In [1]:
import findspark
findspark.init()

import pyspark

In [2]:
sc=pyspark.SparkContext(appName='hw5')

In [3]:
sc

In [4]:
lines=sc.textFile("csds-material/csds-material/input/file1")
lines

csds-material/csds-material/input/file1 MapPartitionsRDD[1] at textFile at NativeMethodAccessorImpl.java:0

In [5]:
lines.collect()

['Hello World Bye World']

In [6]:
words=lines.flatMap(lambda l:l.split(" "))

In [7]:
words.count()

4

### **Problem 1**

In [11]:
lines=sc.wholeTextFiles("csds-material/csds-material/input")
counts=lines.flatMap(lambda x:x[1].split(' ')) \
.map(lambda x: x.strip())\
.map(str) \
.map(lambda x: (x,1)) \
.reduceByKey(lambda a,b:a+b)
output=counts.collect()
for(word, count) in output:
    print("%s: %i" % (word, count))

Hello: 2
Goodbye: 1
World: 2
Bye: 1
Hadoop: 2


### **Problem 2**

In [17]:
from pyspark.sql import SparkSession
from pyspark.sql.types import *
spark = SparkSession \
    .builder \
    .appName("hw5sql") \
    .config("spark.some.config.option", "some-value") \
    .getOrCreate()

In [12]:
def parse_line(line):
    fields=line.split(',')
    p0=fields[0]
    p1=fields[1]
    p2=fields[2]
    p3=float(fields[3])
    p4=fields[4]
    return (p0,p1,p2,p3,p4)

In [16]:
sc=spark.sparkContext
lines=sc.textFile("csds-material/csds-material/hive/purchases.txt")

# Each line is converted to a tuple
purchase=lines.map(parse_line)

In [18]:
field1=StructField('timestamp',StringType(),True)
field2=StructField('location',StringType(),True)
field3=StructField('category',StringType(),True)
field4=StructField('price',FloatType(),True)
field5=StructField('card',StringType(),True)

fields=[field1,field2,field3,field4,field5]
schema=StructType(fields)

schemaPurchase=spark.createDataFrame(purchase,schema)

In [19]:
schemaPurchase.createOrReplaceTempView("purchase")

#### **What is the average price of the products that were purchased via Mastercard?**

In [20]:
spark.sql("SELECT AVG(price) FROM purchase WHERE card='MasterCard'").show()

+-----------------+
|       avg(price)|
+-----------------+
|275.0677317417774|
+-----------------+



In [40]:
spark.sql("SELECT timestamp, sum(price) FROM \
(SELECT CAST(timestamp AS DATE), price FROM purchase) \
group by timestamp order by sum(price) desc limit 1").show()

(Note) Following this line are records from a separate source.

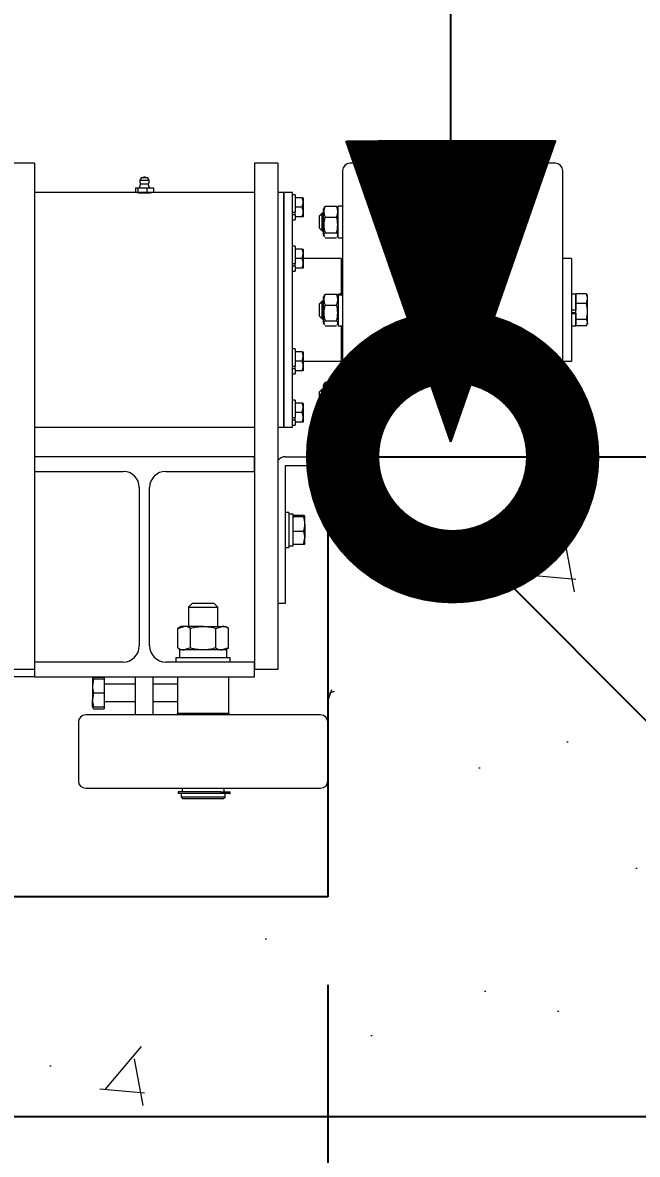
# Model space of a CAD drawing. Header units: millimetres. Extents: x -5 to 1510635, y -6 to 71285.
# Drawn here: x 1276788 to 1277207, y 6294 to 7065 of the extents above; entities that cross this region are included whole.
import ezdxf

# ---------------------------------------------------------------- set-up
doc = ezdxf.new("R2010")
doc.units = ezdxf.units.MM
doc.header["$LTSCALE"] = 1000
doc.linetypes.add('HIDDEN', pattern=[0.375, 0.25, -0.125])
for name, color, linetype in [('2', 42, 'Continuous'), ('3', 3, 'Continuous'), ('COL', 2, 'Continuous'), ('MP-2', 42, 'Continuous'), ('MP-4', 4, 'HIDDEN'), ('MP-8', 8, 'Continuous')]:
    doc.layers.add(name, color=color, linetype=linetype)
doc.dimstyles.new('MPS2', dxfattribs={"dimscale": 100, "dimtxt": 3, "dimasz": 3, "dimexe": 1, "dimexo": 1, "dimgap": 1, "dimtad": 1, "dimzin": 12, "dimdsep": 46, "dimtxsty": 'Standard', "dimcen": 1, "dimclrd": 1, "dimclre": 1, "dimclrt": 7, "dimazin": 2, "dimtfac": 1, "dimtmove": 0, "dimatfit": 3, "dimfxl": 1, "dimarcsym": 0})
doc.dimstyles.get("Standard").update_dxf_attribs({"dimtxt": 0.18, "dimasz": 0.18, "dimexe": 0.18, "dimexo": 0.0625, "dimgap": 0.09, "dimtad": 0, "dimtih": 1, "dimtoh": 1, "dimdec": 4, "dimzin": 0, "dimdsep": 46, "dimtxsty": 'Standard', "dimcen": 0.09, "dimadec": 0, "dimazin": 0, "dimtfac": 1, "dimtdec": 4, "dimtofl": 0, "dimtmove": 0, "dimatfit": 3, "dimfxl": 1, "dimtolj": 1, "dimtzin": 0, "dimarcsym": 0})

# ---------------------------------------------------------------- blocks, each defined once
blk = doc.blocks.new('176654998')
at = {"layer": 'MP-4', "linetype": 'Continuous', "lineweight": 15}
for p, q in [((1794.44, 99.8), (1778.44, 99.8)), ((1794.44, 99.8), (1794.44, -0.2)), ((1944.44, 99.8), (1944.44, -0.2)), ((1960.44, 99.8), (1944.44, 99.8)), ((1960.44, 99.8), (1960.44, -0.2)), ((2004.44, 94.8), (2004.44, -95.2)), ((2149.44, 99.8), (2009.44, 99.8)), ((2154.44, -95.2), (2154.44, 94.8)), ((1866.8, 85.75), (1865.95, 83)), ((1867.34, 90), (1866.25, 88.23)), ((1866.25, 88.23), (1872.64, 88.23)), ((1866.8, 85.75), (1872.08, 85.75)), ((1867.34, 90), (1871.54, 90)), ((1872.64, 88.23), (1871.54, 90)), ((1872.93, 83), (1872.08, 85.75)), ((1864.32, 79.8), (1794.44, 79.8)), ((1863.3, 83), (1864.99, 83)), ((1863.3, 83), (1863.3, 80)), ((1863.3, 80), (1864.99, 80)), ((1864.32, 80), (1864.32, 79.8)), ((1864.99, 83), (1871.14, 83)), ((1864.99, 83), (1864.99, 80)), ((1864.99, 80), (1871.14, 80)), ((1871.14, 83), (1875.59, 83)), ((1871.14, 83), (1871.14, 80)), ((1871.14, 80), (1875.59, 80)), ((1874.57, 79.8), (1874.57, 80)), ((1944.44, 79.8), (1874.57, 79.8)), ((1875.59, 83), (1875.59, 80)), ((1964.44, 79.8), (1960.44, 79.8)), ((1964.44, 79.8), (1964.44, -80.2)), ((1964.44, -80.2), (1964.44, 79.8)), ((1970.44, 79.8), (1964.44, 79.8)), ((1970.44, -80.2), (1970.44, 79.8)), ((1972.04, 78.3), (1970.44, 78.3)), ((1972.04, 78.3), (1972.04, 66.39)), ((1976.96, 76.3), (1972.04, 76.3)), ((1976.96, 69.8), (1972.04, 69.8)), ((1976.96, 76.3), (1977.54, 76.3)), ((1976.96, 69.8), (1977.54, 73.05)), ((1977.54, 76.3), (1977.54, 73.05)), ((1977.54, 73.05), (1977.54, 66.55)), ((1992.07, 69.88), (1991.44, 68.8)), ((1992.58, 70.52), (2000.31, 70.52)), ((2001.44, 68.8), (2000.84, 69.85)), ((2001.44, 49.05), (2001.44, 70.55)), ((2004.44, 70.55), (2001.44, 70.55)), ((1970.44, 66.39), (1972.04, 66.39)), ((1972.04, 64.76), (1970.44, 64.76)), ((1972.04, 65.73), (1972.04, 66.39)), ((1972.04, 64.76), (1972.04, 65.73)), ((1972.04, 64.76), (1972.04, 61.3)), ((1976.96, 63.3), (1972.04, 63.3)), ((1977.54, 63.3), (1976.96, 63.3)), ((1977.54, 66.55), (1977.54, 63.3)), ((1990.44, 65.8), (1988.44, 63.8)), ((1988.44, 63.8), (1988.44, 55.8)), ((1990.44, 53.8), (1990.44, 65.8)), ((1991.44, 65.8), (1990.44, 65.8)), ((1991.44, 50.8), (1991.44, 68.8)), ((1992.58, 63.16), (2000.31, 63.16)), ((1970.44, 61.3), (1972.04, 61.3)), ((1988.44, 55.8), (1990.44, 53.8)), ((1990.44, 53.8), (1991.44, 53.8)), ((1991.44, 50.8), (1992.07, 49.72)), ((1992.58, 52.44), (2000.31, 52.44)), ((1992.58, 49.08), (2000.31, 49.08)), ((2000.84, 49.75), (2001.44, 50.8)), ((2001.44, 49.05), (2004.44, 49.05)), ((1972.04, 43.3), (1970.44, 43.3)), ((1972.04, 43.3), (1972.04, 31.39)), ((1976.96, 41.3), (1972.04, 41.3)), ((1976.96, 41.3), (1977.54, 41.3)), ((1977.54, 41.3), (1977.54, 38.05)), ((1970.44, 31.39), (1972.04, 31.39)), ((1976.96, 34.8), (1972.04, 34.8)), ((1972.04, 30.73), (1972.04, 31.39)), ((1976.96, 34.8), (1977.54, 38.05)), ((1977.54, 38.05), (1977.54, 31.55)), ((2003.44, 34.8), (1977.54, 34.8)), ((1977.54, 31.55), (1977.54, 28.3)), ((2003.44, 34.8), (2003.44, 10.16)), ((2004.44, 33.8), (2003.44, 34.8)), ((2160.44, 34.8), (2154.44, 34.8)), ((2160.44, 34.8), (2160.44, -35.2)), ((1972.04, 29.76), (1970.44, 29.76)), ((1970.44, 26.3), (1972.04, 26.3)), ((1972.04, 29.76), (1972.04, 30.73)), ((1972.04, 29.76), (1972.04, 26.3)), ((1976.96, 28.3), (1972.04, 28.3)), ((1977.54, 28.3), (1976.96, 28.3)), ((1992.07, 9.88), (1991.44, 8.8)), ((1991.44, -9.2), (1991.44, 8.8)), ((1992.58, 10.52), (2000.31, 10.52)), ((2001.44, 8.8), (2000.84, 9.85)), ((2001.44, 10.55), (2001.44, 10.53)), ((2004.44, 10.55), (2001.44, 10.55)), ((2001.44, 10.16), (2001.44, 10.53)), ((2001.44, 10.53), (2004.44, 10.53)), ((2001.44, 10.16), (2001.44, -10.95)), ((2001.44, 10.16), (2004.44, 10.16)), ((2163.44, 10.55), (2160.44, 10.55)), ((2163.44, 4.22), (2163.44, 10.7)), ((2170.6, 10.7), (2163.44, 10.7)), ((2163.44, 10.52), (2163.44, -0.2)), ((2170.6, 10.7), (2170.8, 10.18)), ((2171.44, 9.3), (2170.9, 10.24)), ((2171.44, 7.46), (2171.44, 9.3)), ((1990.44, 5.8), (1988.44, 3.8)), ((1988.44, 3.8), (1988.44, -4.2)), ((1990.44, -6.2), (1990.44, 5.8)), ((1991.44, 5.8), (1990.44, 5.8)), ((1992.58, 3.16), (2000.31, 3.16)), ((2163.44, -2.39), (2163.44, 4.22)), ((2170.6, 4.22), (2163.44, 4.22)), ((2170.6, 4.22), (2171.44, 7.46)), ((2171.44, -1.23), (2171.44, 7.46)), ((1794.44, -0.2), (1794.44, -245.2)), ((1944.44, -0.2), (1944.44, -245.2)), ((1960.44, -0.2), (1960.44, -245.2)), ((1988.44, -4.2), (1990.44, -6.2)), ((1990.44, -6.2), (1991.44, -6.2)), ((1992.58, -7.56), (2000.31, -7.56)), ((2160.44, -0.2), (2163.44, -0.2)), ((2160.44, -2.01), (2163.44, -2.01)), ((2160.44, -2.52), (2163.44, -2.52)), ((2163.44, -2.39), (2163.44, -2.52)), ((2163.44, -6.68), (2163.44, -2.52)), ((2163.44, -2.52), (2163.44, -10.95)), ((2163.44, -11.1), (2163.44, -6.68)), ((2170.6, -6.68), (2163.44, -6.68)), ((2171.44, -8.89), (2171.44, -1.23)), ((1991.44, -9.2), (1992.07, -10.28)), ((1992.58, -10.92), (2000.31, -10.92)), ((2000.84, -10.25), (2001.44, -9.2)), ((2001.44, -10.95), (2004.44, -10.95)), ((2003.44, -10.95), (2003.44, -35.2)), ((2160.44, -10.95), (2163.44, -10.95)), ((2170.6, -11.1), (2163.44, -11.1)), ((2170.6, -11.1), (2171.44, -8.89)), ((2170.9, -10.64), (2171.44, -9.7)), ((2171.44, -8.89), (2171.44, -9.7)), ((1972.04, -26.7), (1970.44, -26.7)), ((1972.04, -26.7), (1972.04, -38.61)), ((1976.96, -28.7), (1972.04, -28.7)), ((1976.96, -28.7), (1977.54, -28.7)), ((1977.54, -28.7), (1977.54, -31.95)), ((1976.96, -35.2), (1972.04, -35.2)), ((1976.96, -35.2), (1977.54, -31.95)), ((1977.54, -31.95), (1977.54, -38.45)), ((1977.54, -35.2), (2003.44, -35.2)), ((1977.54, -38.45), (1977.54, -41.7)), ((2003.44, -35.2), (2004.44, -34.2)), ((2154.44, -35.2), (2160.44, -35.2)), ((1970.44, -38.61), (1972.04, -38.61)), ((1972.04, -40.24), (1970.44, -40.24)), ((1970.44, -43.7), (1972.04, -43.7)), ((1972.04, -39.27), (1972.04, -38.61)), ((1972.04, -40.24), (1972.04, -39.27)), ((1972.04, -40.24), (1972.04, -43.7)), ((1976.96, -41.7), (1972.04, -41.7)), ((1977.54, -41.7), (1976.96, -41.7)), ((1992.07, -50.12), (1991.44, -51.2)), ((1991.44, -69.2), (1991.44, -51.2)), ((1992.58, -49.48), (2000.31, -49.48)), ((2001.44, -51.2), (2000.84, -50.15)), ((2001.44, -49.45), (2001.44, -49.47)), ((2004.44, -49.45), (2001.44, -49.45)), ((2001.44, -49.84), (2001.44, -49.47)), ((2001.44, -49.47), (2004.44, -49.47)), ((2001.44, -49.84), (2001.44, -70.95)), ((2001.44, -49.84), (2004.44, -49.84)), ((1972.04, -61.7), (1970.44, -61.7)), ((1972.04, -61.7), (1972.04, -73.61)), ((1990.44, -54.2), (1988.44, -56.2)), ((1988.44, -56.2), (1988.44, -64.2)), ((1990.44, -66.2), (1990.44, -54.2)), ((1991.44, -54.2), (1990.44, -54.2)), ((1992.58, -56.84), (2000.31, -56.84)), ((1976.96, -63.7), (1972.04, -63.7)), ((1976.96, -63.7), (1977.54, -63.7)), ((1976.96, -70.2), (1977.54, -66.95)), ((1977.54, -63.7), (1977.54, -66.95)), ((1977.54, -66.95), (1977.54, -73.45)), ((1988.44, -64.2), (1990.44, -66.2)), ((1990.44, -66.2), (1991.44, -66.2)), ((1991.44, -69.2), (1992.07, -70.28)), ((1992.58, -67.56), (2000.31, -67.56)), ((2000.84, -70.25), (2001.44, -69.2)), ((1970.44, -73.61), (1972.04, -73.61)), ((1972.04, -75.24), (1970.44, -75.24)), ((1976.96, -70.2), (1972.04, -70.2)), ((1972.04, -74.27), (1972.04, -73.61)), ((1972.04, -75.24), (1972.04, -74.27)), ((1972.04, -75.24), (1972.04, -78.7)), ((1976.96, -76.7), (1972.04, -76.7)), ((1977.54, -76.7), (1976.96, -76.7)), ((1977.54, -73.45), (1977.54, -76.7)), ((1992.58, -70.92), (2000.31, -70.92)), ((2001.44, -70.95), (2004.44, -70.95)), ((1794.44, -80.2), (1944.44, -80.2)), ((1960.44, -80.2), (1964.44, -80.2)), ((1964.44, -80.2), (1970.44, -80.2)), ((1970.44, -78.7), (1972.04, -78.7)), ((1794.44, -100.2), (1794.44, -110.2)), ((1944.44, -100.2), (1794.44, -100.2)), ((1944.44, -110.2), (1944.44, -100.2)), ((1965.45, -100.2), (1984.44, -100.2)), ((1984.44, -100.2), (1984.44, -106.2)), ((2009.44, -100.2), (2149.44, -100.2)), ((1965.44, -106.2), (1965.44, -200.2)), ((1965.45, -106.2), (1984.44, -106.2)), ((1794.44, -110.2), (1854.94, -110.2)), ((1883.94, -110.2), (1944.44, -110.2)), ((1865.94, -121.2), (1865.94, -229.2)), ((1872.94, -229.2), (1872.94, -121.2)), ((1967.74, -138.2), (1965.44, -138.2)), ((1967.74, -138.2), (1967.74, -162.2)), ((1970.74, -139.45), (1967.74, -139.45)), ((1970.74, -160.95), (1970.74, -139.45)), ((1970.74, -141.19), (1970.74, -140.28)), ((1977.9, -140.28), (1970.74, -140.28)), ((1970.74, -151.11), (1970.74, -141.19)), ((1977.9, -141.19), (1970.74, -141.19)), ((1977.9, -141.19), (1978.74, -140.73)), ((1978.74, -146.15), (1978.74, -140.73)), ((1978.74, -146.15), (1978.74, -155.62)), ((1970.74, -160.12), (1970.74, -151.11)), ((1977.9, -151.11), (1970.74, -151.11)), ((1967.74, -160.95), (1970.74, -160.95)), ((1977.9, -160.12), (1970.74, -160.12)), ((1977.9, -160.12), (1978.74, -155.62)), ((1978.74, -159.7), (1978.74, -155.62)), ((1965.44, -162.2), (1967.74, -162.2)), ((1901.94, -200.2), (1899.44, -202.7)), ((1916.94, -200.2), (1901.94, -200.2)), ((1919.44, -202.7), (1916.94, -200.2)), ((1965.44, -200.2), (1960.44, -200.2)), ((1899.44, -202.7), (1919.44, -202.7)), ((1899.44, -202.7), (1899.44, -215.9)), ((1919.44, -215.9), (1919.44, -202.7)), ((1892.12, -217.24), (1896.45, -215.9)), ((1894.44, -215.9), (1892.12, -217.24)), ((1896.45, -215.9), (1894.44, -215.9)), ((1909.44, -215.9), (1896.45, -215.9)), ((1909.44, -215.9), (1922.43, -215.9)), ((1918.1, -217.24), (1922.43, -215.9)), ((1922.43, -215.9), (1924.44, -215.9)), ((1926.76, -217.24), (1924.44, -215.9)), ((1892.12, -230.56), (1892.12, -217.24)), ((1900.78, -230.56), (1900.78, -217.24)), ((1918.1, -230.56), (1918.1, -217.24)), ((1926.76, -230.56), (1926.76, -217.24)), ((1892.12, -230.56), (1894.44, -231.9)), ((1900.78, -230.56), (1896.45, -231.9)), ((1926.76, -230.56), (1922.43, -231.9)), ((1924.44, -231.9), (1926.76, -230.56)), ((1890.94, -237), (1927.94, -237)), ((1890.94, -237), (1890.94, -240.2)), ((1925.64, -231.9), (1893.24, -231.9)), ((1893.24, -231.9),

+----------+-----------------+
| timestamp|       sum(price)|
+----------+-----------------+
|2012-03-17|2384.480026245117|
+----------+-----------------+



#### **What is the minimum value of a product under the Computers category?**

In [42]:
spark.sql("SELECT min(price) FROM purchase WHERE category='Computers'").show()

+----------+
|min(price)|
+----------+
|      0.38|
+----------+



#### **How many distinct categories of products are there?**

In [43]:
spark.sql("SELECT count(distinct(category)) as distinct_category_number FROM purchase").show()

+------------------------+
|distinct_category_number|
+------------------------+
|                      18|
+------------------------+



#### **Which store location had the lowest total sales?**

In [44]:
spark.sql("SELECT location as lowest_sale_location,sum(price) as total_price FROM purchase \
GROUP BY location ORDER BY total_price limit 1").show()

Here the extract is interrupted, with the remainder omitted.